EXERCISE REQUIREMENTS
Gather the lines from the material that contain "CENTER".
[[ PROVIDED DATA, beginning ]]
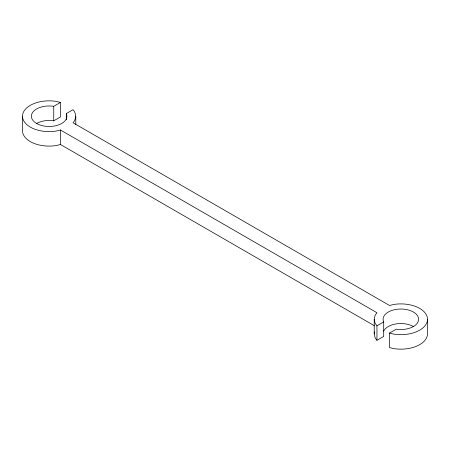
<?xml version="1.0" encoding="UTF-8"?>
<svg xmlns="http://www.w3.org/2000/svg" width="450" height="450" viewBox="0 0 450 450"><rect width="100%" height="100%" fill="white"/><g stroke="black" fill="none" stroke-linecap="round" stroke-linejoin="round"><path stroke-width="0.67" d="M36.585 123.474A17.764 10.254 0 0 1 53.741 120.819L60.486 116.927L60.486 102.42L53.741 106.312A17.764 10.254 0 0 0 31.449 115.324A17.764 10.254 0 0 0 50.693 126.439A17.764 10.254 0 0 0 66.302 113.563L73.046 109.676C76.506 113.203 76.506 119.239 73.046 122.766L389.514 305.477L393.958 304.419A26.646 15.384 0 0 1 427.5 319.275L427.5 333.782A26.646 15.384 0 0 1 393.958 348.637L389.514 347.58L389.514 333.073L396.259 329.181A17.764 10.254 0 0 0 418.551 320.169A17.764 10.254 0 0 0 399.308 309.06A17.764 10.254 0 0 0 383.698 321.93L376.954 325.822L376.954 340.324L383.698 336.437L383.698 321.93M376.954 340.324L375.114 337.764L374.209 333.782L374.209 319.275L375.114 315.293L376.954 312.733L60.486 130.016L56.042 131.079A26.646 15.384 0 0 1 22.5 116.218L22.5 130.725A26.646 15.384 0 0 0 56.042 145.581L60.486 144.523L374.524 325.828M374.209 333.782L374.664 331.791M60.486 102.42L56.042 101.362A26.646 15.384 0 0 0 22.5 116.218M389.514 333.073L393.958 334.136A26.646 15.384 0 0 0 427.5 319.275M376.954 325.822L375.114 323.257L374.209 319.275M75.791 116.218L75.791 124.509M66.302 113.563L66.302 119.779M60.486 130.016L60.486 144.523M53.741 106.312L53.741 120.819M383.698 331.127A17.764 10.254 0 0 1 413.415 326.531"/></g></svg>
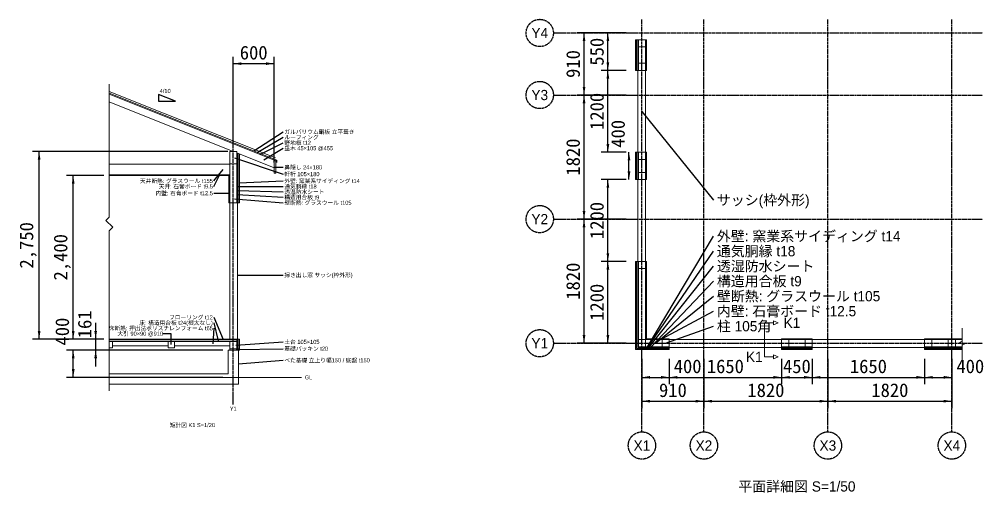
# Model space of a CAD drawing. Header units: millimetres. Extents: x -2900 to 61032, y -25289 to 10180.
# Drawn here: x 46859 to 61032, y -12191 to -5250 of the extents above; entities that cross this region are included whole.
import ezdxf
from ezdxf.enums import TextEntityAlignment as Align

# ---------------------------------------------------------------- set-up
doc = ezdxf.new("R2010")
doc.units = ezdxf.units.MM
doc.linetypes.add('CENTER', pattern=[50.8, 31.75, -6.35, 6.35, -6.35])
for name, color, linetype in [('DIM', 2, 'CONTINUOUS'), ('GRID', 1, 'CENTER'), ('TEXT', 7, 'CONTINUOUS')]:
    doc.layers.add(name, color=color, linetype=linetype)
for name, color, linetype, lineweight in [('KANA_CUT', 255, 'CONTINUOUS', 0), ('KANA_INS', 6, 'CONTINUOUS', 0), ('KANA_VIEW', 8, 'CONTINUOUS', 0), ('PD_CUT', 255, 'CONTINUOUS', 0), ('PD_INS', 6, 'CONTINUOUS', 0), ('PD_VIEW', 8, 'CONTINUOUS', 0)]:
    doc.layers.add(name, color=color, linetype=linetype, lineweight=lineweight)
doc.styles.add('kst32b', font='kst32b')
doc.styles.add('unicode', font='unicode')
doc.dimstyles.get("Standard").update_dxf_attribs({"dimtxt": 200, "dimasz": 120, "dimexe": 100, "dimexo": 80, "dimgap": 60, "dimtad": 0, "dimtoh": 1, "dimzin": 12, "dimdsep": 46, "dimcen": 0.09, "dimazin": 3, "dimtfac": 1, "dimtdec": 4, "dimtofl": 0, "dimtmove": 0, "dimatfit": 3, "dimfxl": 1, "dimtolj": 1, "dimtzin": 0, "dimarcsym": 0})

# ---------------------------------------------------------------- blocks, each defined once
blk = doc.blocks.new('*D83')
at = {"layer": 'DIM', "color": 0, "linetype": 'ByBlock', "lineweight": -2}
for p, q in [((49845, -10100), (47550, -10100)), ((47650, -10500), (47650, -10100)), ((49845, -10500), (47550, -10500))]:
    blk.add_line(p, q, dxfattribs=at)
for points in [[(47650, -10100), (47670, -10220), (47630, -10220)], [(47650, -10500), (47630, -10380), (47670, -10380)]]:
    blk.add_solid(points, dxfattribs=at)
at = {"layer": 'DIM', "color": 0, "linetype": 'CONTINUOUS', "lineweight": -2, "insert": (47490, -9829), "char_height": 200, "width": 422.22, "attachment_point": 5, "rotation": 90}
blk.add_mtext('400', dxfattribs=at)
blk = doc.blocks.new('*D84')
at = {"layer": 'DIM', "color": 0, "linetype": 'ByBlock', "lineweight": -2}
for p, q in [((50000, -7109), (50000, -5800)), ((50600, -7349), (50600, -5800)), ((50000, -5900), (50600, -5900))]:
    blk.add_line(p, q, dxfattribs=at)
for points in [[(50000, -5900), (50120, -5880), (50120, -5920)], [(50600, -5900), (50480, -5920), (50480, -5880)]]:
    blk.add_solid(points, dxfattribs=at)
at = {"layer": 'DIM', "color": 0, "linetype": 'CONTINUOUS', "lineweight": -2, "insert": (50300, -5740), "char_height": 200, "width": 400, "attachment_point": 5}
blk.add_mtext('600', dxfattribs=at)
blk = doc.blocks.new('*D85')
at = {"layer": 'DIM', "color": 0, "linetype": 'ByBlock', "lineweight": -2}
for p, q in [((48100, -7539), (47550, -7539)), ((47650, -9939), (47650, -7539)), ((48100, -9939), (47550, -9939))]:
    blk.add_line(p, q, dxfattribs=at)
for points in [[(47650, -7539), (47670, -7659), (47630, -7659)], [(47650, -9939), (47630, -9819), (47670, -9819)]]:
    blk.add_solid(points, dxfattribs=at)
at = {"layer": 'DIM', "color": 0, "linetype": 'CONTINUOUS', "lineweight": -2, "insert": (47490, -8739), "char_height": 200, "width": 655.56, "attachment_point": 5, "rotation": 90}
blk.add_mtext('2,400', dxfattribs=at)
blk = doc.blocks.new('*D86')
at = {"layer": 'DIM', "color": 0, "linetype": 'ByBlock', "lineweight": -2}
for p, q in [((49920, -7189), (47050, -7189)), ((47150, -9939), (47150, -7189)), ((48100, -9939), (47050, -9939))]:
    blk.add_line(p, q, dxfattribs=at)
for points in [[(47150, -7189), (47170, -7309), (47130, -7309)], [(47150, -9939), (47130, -9819), (47170, -9819)]]:
    blk.add_solid(points, dxfattribs=at)
at = {"layer": 'DIM', "color": 0, "linetype": 'CONTINUOUS', "lineweight": -2, "insert": (46990, -8564), "char_height": 200, "width": 633.33, "attachment_point": 5, "rotation": 90}
blk.add_mtext('2,750', dxfattribs=at)
blk = doc.blocks.new('*D87')
at = {"layer": 'DIM', "color": 0, "linetype": 'ByBlock', "lineweight": -2}
for p, q in [((47980, -10340), (47980, -9699)), ((48100, -9939), (47880, -9939)), ((49845, -10100), (47880, -10100))]:
    blk.add_line(p, q, dxfattribs=at)
for points in [[(47980, -9939), (47960, -9819), (48000, -9819)], [(47980, -10100), (48000, -10220), (47960, -10220)]]:
    blk.add_solid(points, dxfattribs=at)
at = {"layer": 'DIM', "color": 0, "linetype": 'CONTINUOUS', "lineweight": -2, "insert": (47820, -9723), "char_height": 200, "width": 311.11, "attachment_point": 5, "rotation": 90}
blk.add_mtext('161', dxfattribs=at)
blk = doc.blocks.new('*D88')
at = {"layer": 'DIM', "color": 0, "linetype": 'ByBlock', "lineweight": -2}
for p, q in [((56000, -10230), (56000, -10600)), ((56400, -10230), (56400, -10600)), ((56000, -10500), (56400, -10500))]:
    blk.add_line(p, q, dxfattribs=at)
for points in [[(56000, -10500), (56120, -10480), (56120, -10520)], [(56400, -10500), (56280, -10520), (56280, -10480)]]:
    blk.add_solid(points, dxfattribs=at)
at = {"layer": 'DIM', "color": 0, "linetype": 'CONTINUOUS', "lineweight": -2, "insert": (56671, -10340), "char_height": 200, "width": 422.22, "attachment_point": 5}
blk.add_mtext('400', dxfattribs=at)
blk = doc.blocks.new('*D89')
at = {"layer": 'DIM', "color": 0, "linetype": 'ByBlock', "lineweight": -2}
for p, q in [((56400, -10230), (56400, -10600)), ((58050, -10230), (58050, -10600)), ((56400, -10500), (58050, -10500))]:
    blk.add_line(p, q, dxfattribs=at)
for points in [[(56400, -10500), (56520, -10480), (56520, -10520)], [(58050, -10500), (57930, -10520), (57930, -10480)]]:
    blk.add_solid(points, dxfattribs=at)
at = {"layer": 'DIM', "color": 0, "linetype": 'CONTINUOUS', "lineweight": -2, "insert": (57225, -10340), "char_height": 200, "width": 511.11, "attachment_point": 5}
blk.add_mtext('1650', dxfattribs=at)
blk = doc.blocks.new('*D90')
at = {"layer": 'DIM', "color": 0, "linetype": 'ByBlock', "lineweight": -2}
for p, q in [((58050, -10230), (58050, -10600)), ((58500, -10230), (58500, -10600)), ((58050, -10500), (58500, -10500))]:
    blk.add_line(p, q, dxfattribs=at)
for points in [[(58050, -10500), (58170, -10480), (58170, -10520)], [(58500, -10500), (58380, -10520), (58380, -10480)]]:
    blk.add_solid(points, dxfattribs=at)
at = {"layer": 'DIM', "color": 0, "linetype": 'CONTINUOUS', "lineweight": -2, "insert": (58275, -10340), "char_height": 200, "width": 422.22, "attachment_point": 5}
blk.add_mtext('450', dxfattribs=at)
blk = doc.blocks.new('*D91')
at = {"layer": 'DIM', "color": 0, "linetype": 'ByBlock', "lineweight": -2}
for p, q in [((58500, -10230), (58500, -10600)), ((60150, -10230), (60150, -10600)), ((58500, -10500), (60150, -10500))]:
    blk.add_line(p, q, dxfattribs=at)
for points in [[(58500, -10500), (58620, -10480), (58620, -10520)], [(60150, -10500), (60030, -10520), (60030, -10480)]]:
    blk.add_solid(points, dxfattribs=at)
at = {"layer": 'DIM', "color": 0, "linetype": 'CONTINUOUS', "lineweight": -2, "insert": (59325, -10340), "char_height": 200, "width": 511.11, "attachment_point": 5}
blk.add_mtext('1650', dxfattribs=at)
blk = doc.blocks.new('*D92')
at = {"layer": 'DIM', "color": 0, "linetype": 'ByBlock', "lineweight": -2}
for p, q in [((60150, -10230), (60150, -10600)), ((60550, -10230), (60550, -10600)), ((60150, -10500), (60550, -10500))]:
    blk.add_line(p, q, dxfattribs=at)
for points in [[(60150, -10500), (60270, -10480), (60270, -10520)], [(60550, -10500), (60430, -10520), (60430, -10480)]]:
    blk.add_solid(points, dxfattribs=at)
at = {"layer": 'DIM', "color": 0, "linetype": 'CONTINUOUS', "lineweight": -2, "insert": (60821, -10340), "char_height": 200, "width": 422.22, "attachment_point": 5}
blk.add_mtext('400', dxfattribs=at)
blk = doc.blocks.new('*D93')
at = {"layer": 'DIM', "color": 0, "linetype": 'ByBlock', "lineweight": -2}
for p, q in [((56000, -10230), (56000, -10950)), ((56910, -10230), (56910, -10950)), ((56000, -10850), (56910, -10850))]:
    blk.add_line(p, q, dxfattribs=at)
for points in [[(56000, -10850), (56120, -10830), (56120, -10870)], [(56910, -10850), (56790, -10870), (56790, -10830)]]:
    blk.add_solid(points, dxfattribs=at)
at = {"layer": 'DIM', "color": 0, "linetype": 'CONTINUOUS', "lineweight": -2, "insert": (56455, -10690), "char_height": 200, "width": 355.56, "attachment_point": 5}
blk.add_mtext('910', dxfattribs=at)
blk = doc.blocks.new('*D94')
at = {"layer": 'DIM', "color": 0, "linetype": 'ByBlock', "lineweight": -2}
for p, q in [((56910, -10230), (56910, -10950)), ((58730, -10230), (58730, -10950)), ((56910, -10850), (58730, -10850))]:
    blk.add_line(p, q, dxfattribs=at)
for points in [[(56910, -10850), (57030, -10830), (57030, -10870)], [(58730, -10850), (58610, -10870), (58610, -10830)]]:
    blk.add_solid(points, dxfattribs=at)
at = {"layer": 'DIM', "color": 0, "linetype": 'CONTINUOUS', "lineweight": -2, "insert": (57820, -10690), "char_height": 200, "width": 511.11, "attachment_point": 5}
blk.add_mtext('1820', dxfattribs=at)
blk = doc.blocks.new('*D95')
at = {"layer": 'DIM', "color": 0, "linetype": 'ByBlock', "lineweight": -2}
for p, q in [((58730, -10230), (58730, -10950)), ((60550, -10230), (60550, -10950)), ((58730, -10850), (60550, -10850))]:
    blk.add_line(p, q, dxfattribs=at)
for points in [[(58730, -10850), (58850, -10830), (58850, -10870)], [(60550, -10850), (60430, -10870), (60430, -10830)]]:
    blk.add_solid(points, dxfattribs=at)
at = {"layer": 'DIM', "color": 0, "linetype": 'CONTINUOUS', "lineweight": -2, "insert": (59640, -10690), "char_height": 200, "width": 511.11, "attachment_point": 5}
blk.add_mtext('1820', dxfattribs=at)
blk = doc.blocks.new('*D96')
at = {"layer": 'DIM', "color": 0, "linetype": 'ByBlock', "lineweight": -2}
for p, q in [((55770, -8800), (55400, -8800)), ((55500, -10000), (55500, -8800)), ((55770, -10000), (55400, -10000))]:
    blk.add_line(p, q, dxfattribs=at)
for points in [[(55500, -8800), (55520, -8920), (55480, -8920)], [(55500, -10000), (55480, -9880), (55520, -9880)]]:
    blk.add_solid(points, dxfattribs=at)
at = {"layer": 'DIM', "color": 0, "linetype": 'CONTINUOUS', "lineweight": -2, "insert": (55340, -9400), "char_height": 200, "width": 511.11, "attachment_point": 5, "rotation": 90}
blk.add_mtext('1200', dxfattribs=at)
blk = doc.blocks.new('*D97')
at = {"layer": 'DIM', "color": 0, "linetype": 'ByBlock', "lineweight": -2}
for p, q in [((55770, -7600), (55400, -7600)), ((55500, -8800), (55500, -7600)), ((55770, -8800), (55400, -8800))]:
    blk.add_line(p, q, dxfattribs=at)
for points in [[(55500, -7600), (55520, -7720), (55480, -7720)], [(55500, -8800), (55480, -8680), (55520, -8680)]]:
    blk.add_solid(points, dxfattribs=at)
at = {"layer": 'DIM', "color": 0, "linetype": 'CONTINUOUS', "lineweight": -2, "insert": (55340, -8200), "char_height": 200, "width": 511.11, "attachment_point": 5, "rotation": 90}
blk.add_mtext('1200', dxfattribs=at)
blk = doc.blocks.new('*D98')
at = {"layer": 'DIM', "color": 0, "linetype": 'ByBlock', "lineweight": -2}
for p, q in [((55770, -6000), (55400, -6000)), ((55500, -7200), (55500, -6000)), ((55770, -7200), (55400, -7200))]:
    blk.add_line(p, q, dxfattribs=at)
for points in [[(55500, -6000), (55520, -6120), (55480, -6120)], [(55500, -7200), (55480, -7080), (55520, -7080)]]:
    blk.add_solid(points, dxfattribs=at)
at = {"layer": 'DIM', "color": 0, "linetype": 'CONTINUOUS', "lineweight": -2, "insert": (55340, -6600), "char_height": 200, "width": 511.11, "attachment_point": 5, "rotation": 90}
blk.add_mtext('1200', dxfattribs=at)
blk = doc.blocks.new('*D99')
at = {"layer": 'DIM', "color": 0, "linetype": 'ByBlock', "lineweight": -2}
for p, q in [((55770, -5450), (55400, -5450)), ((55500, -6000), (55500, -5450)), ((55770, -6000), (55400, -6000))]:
[[ PROVIDED DATA, end ]]
TASK ANSWER
doc.linetypes.add('CENTER', pattern=[50.8, 31.75, -6.35, 6.35, -6.35])
for name, color, linetype in [('DIM', 2, 'CONTINUOUS'), ('GRID', 1, 'CENTER'), ('TEXT', 7, 'CONTINUOUS')]:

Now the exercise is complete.